Work to complete: Each line in the entries below that holds the string "Look" must be copied.
----
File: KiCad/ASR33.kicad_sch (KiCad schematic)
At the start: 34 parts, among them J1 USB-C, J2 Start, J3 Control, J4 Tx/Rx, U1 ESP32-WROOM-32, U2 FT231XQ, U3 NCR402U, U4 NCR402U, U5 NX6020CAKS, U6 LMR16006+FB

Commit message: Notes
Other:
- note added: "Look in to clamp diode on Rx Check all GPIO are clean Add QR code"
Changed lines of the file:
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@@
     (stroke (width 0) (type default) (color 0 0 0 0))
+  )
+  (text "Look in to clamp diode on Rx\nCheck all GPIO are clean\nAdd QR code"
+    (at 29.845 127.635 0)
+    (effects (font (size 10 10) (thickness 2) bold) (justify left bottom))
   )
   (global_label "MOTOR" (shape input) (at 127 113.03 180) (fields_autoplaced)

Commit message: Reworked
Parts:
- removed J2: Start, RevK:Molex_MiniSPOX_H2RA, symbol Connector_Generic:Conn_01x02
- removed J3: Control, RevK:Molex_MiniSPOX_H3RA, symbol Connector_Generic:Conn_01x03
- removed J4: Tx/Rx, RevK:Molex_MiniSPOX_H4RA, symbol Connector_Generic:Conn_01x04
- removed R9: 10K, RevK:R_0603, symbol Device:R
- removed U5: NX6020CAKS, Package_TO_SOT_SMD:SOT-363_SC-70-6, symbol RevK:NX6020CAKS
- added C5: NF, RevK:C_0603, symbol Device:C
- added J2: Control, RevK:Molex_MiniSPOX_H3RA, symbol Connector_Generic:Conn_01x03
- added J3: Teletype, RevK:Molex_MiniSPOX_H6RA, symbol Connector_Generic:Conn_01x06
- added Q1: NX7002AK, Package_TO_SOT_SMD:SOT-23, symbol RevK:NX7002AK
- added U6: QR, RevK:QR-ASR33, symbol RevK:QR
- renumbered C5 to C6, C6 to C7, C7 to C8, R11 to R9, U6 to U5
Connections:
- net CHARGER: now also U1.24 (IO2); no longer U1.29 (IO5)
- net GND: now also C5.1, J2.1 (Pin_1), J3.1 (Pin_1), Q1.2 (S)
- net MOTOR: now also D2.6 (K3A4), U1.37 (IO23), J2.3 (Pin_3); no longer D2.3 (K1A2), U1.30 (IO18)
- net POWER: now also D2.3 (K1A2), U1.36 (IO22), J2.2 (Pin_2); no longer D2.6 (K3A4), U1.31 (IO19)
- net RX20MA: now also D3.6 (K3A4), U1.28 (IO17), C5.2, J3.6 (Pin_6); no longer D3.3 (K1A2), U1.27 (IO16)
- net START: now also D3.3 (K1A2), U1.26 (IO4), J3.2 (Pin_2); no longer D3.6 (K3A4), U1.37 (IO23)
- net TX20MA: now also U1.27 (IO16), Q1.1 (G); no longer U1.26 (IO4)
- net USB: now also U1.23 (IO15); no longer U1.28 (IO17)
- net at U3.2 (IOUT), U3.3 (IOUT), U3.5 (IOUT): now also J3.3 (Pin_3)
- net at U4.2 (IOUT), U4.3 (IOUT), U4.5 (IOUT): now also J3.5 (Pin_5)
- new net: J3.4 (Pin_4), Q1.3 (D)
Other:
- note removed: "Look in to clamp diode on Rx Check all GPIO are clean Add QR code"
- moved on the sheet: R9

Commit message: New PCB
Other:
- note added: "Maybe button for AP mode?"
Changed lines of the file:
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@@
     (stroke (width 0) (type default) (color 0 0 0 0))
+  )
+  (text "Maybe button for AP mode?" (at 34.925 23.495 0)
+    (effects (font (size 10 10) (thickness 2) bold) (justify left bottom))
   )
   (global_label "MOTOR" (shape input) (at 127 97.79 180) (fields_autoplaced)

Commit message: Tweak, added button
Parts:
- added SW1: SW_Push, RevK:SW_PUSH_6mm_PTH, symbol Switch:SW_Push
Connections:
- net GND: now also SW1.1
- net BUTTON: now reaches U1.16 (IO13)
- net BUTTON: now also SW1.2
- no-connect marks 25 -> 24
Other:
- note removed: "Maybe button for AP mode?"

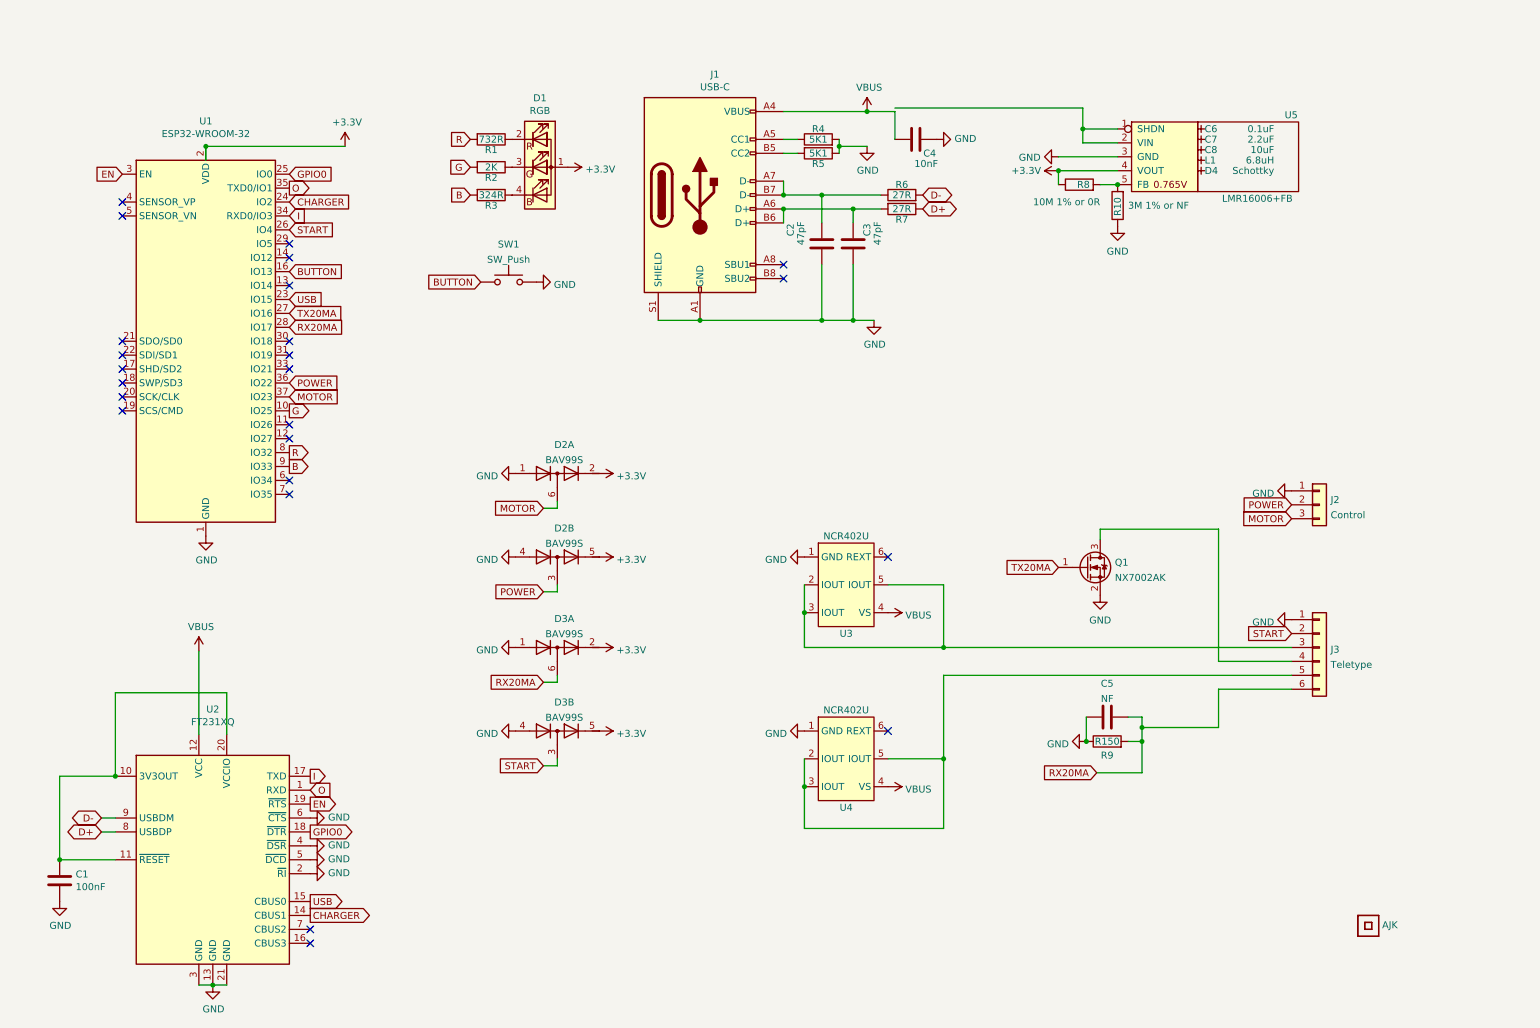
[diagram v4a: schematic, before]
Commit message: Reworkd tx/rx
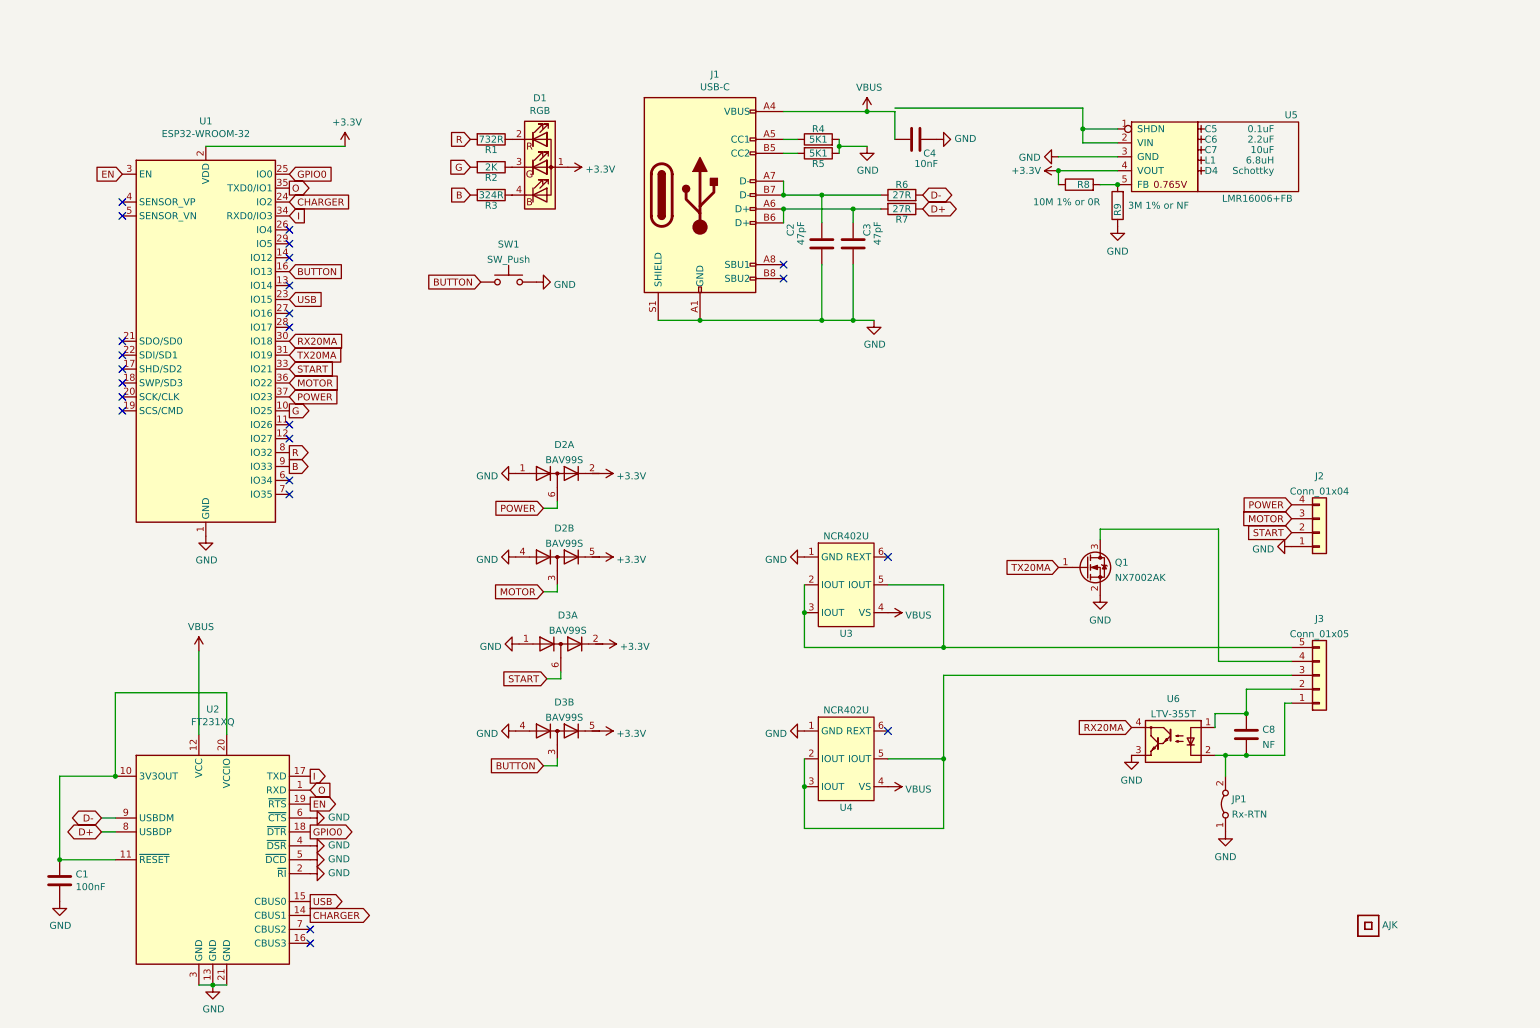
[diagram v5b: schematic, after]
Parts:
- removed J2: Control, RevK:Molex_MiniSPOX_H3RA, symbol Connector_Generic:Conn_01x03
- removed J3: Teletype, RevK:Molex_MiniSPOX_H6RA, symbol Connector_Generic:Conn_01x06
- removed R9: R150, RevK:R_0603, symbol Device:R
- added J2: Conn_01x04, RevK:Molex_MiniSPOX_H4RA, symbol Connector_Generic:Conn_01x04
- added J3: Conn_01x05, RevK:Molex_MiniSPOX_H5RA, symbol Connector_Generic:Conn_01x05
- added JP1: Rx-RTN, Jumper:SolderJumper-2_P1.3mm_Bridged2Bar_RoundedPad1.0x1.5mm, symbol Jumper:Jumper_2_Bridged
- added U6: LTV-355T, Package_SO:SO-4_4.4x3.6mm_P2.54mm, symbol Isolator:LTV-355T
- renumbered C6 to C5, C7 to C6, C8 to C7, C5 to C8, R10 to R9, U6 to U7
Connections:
----
The answer:
- note added: "Look in to clamp diode on Rx Check all GPIO are clean Add QR code"
+  (text "Look in to clamp diode on Rx\nCheck all GPIO are clean\nAdd QR code"
- note removed: "Look in to clamp diode on Rx Check all GPIO are clean Add QR code"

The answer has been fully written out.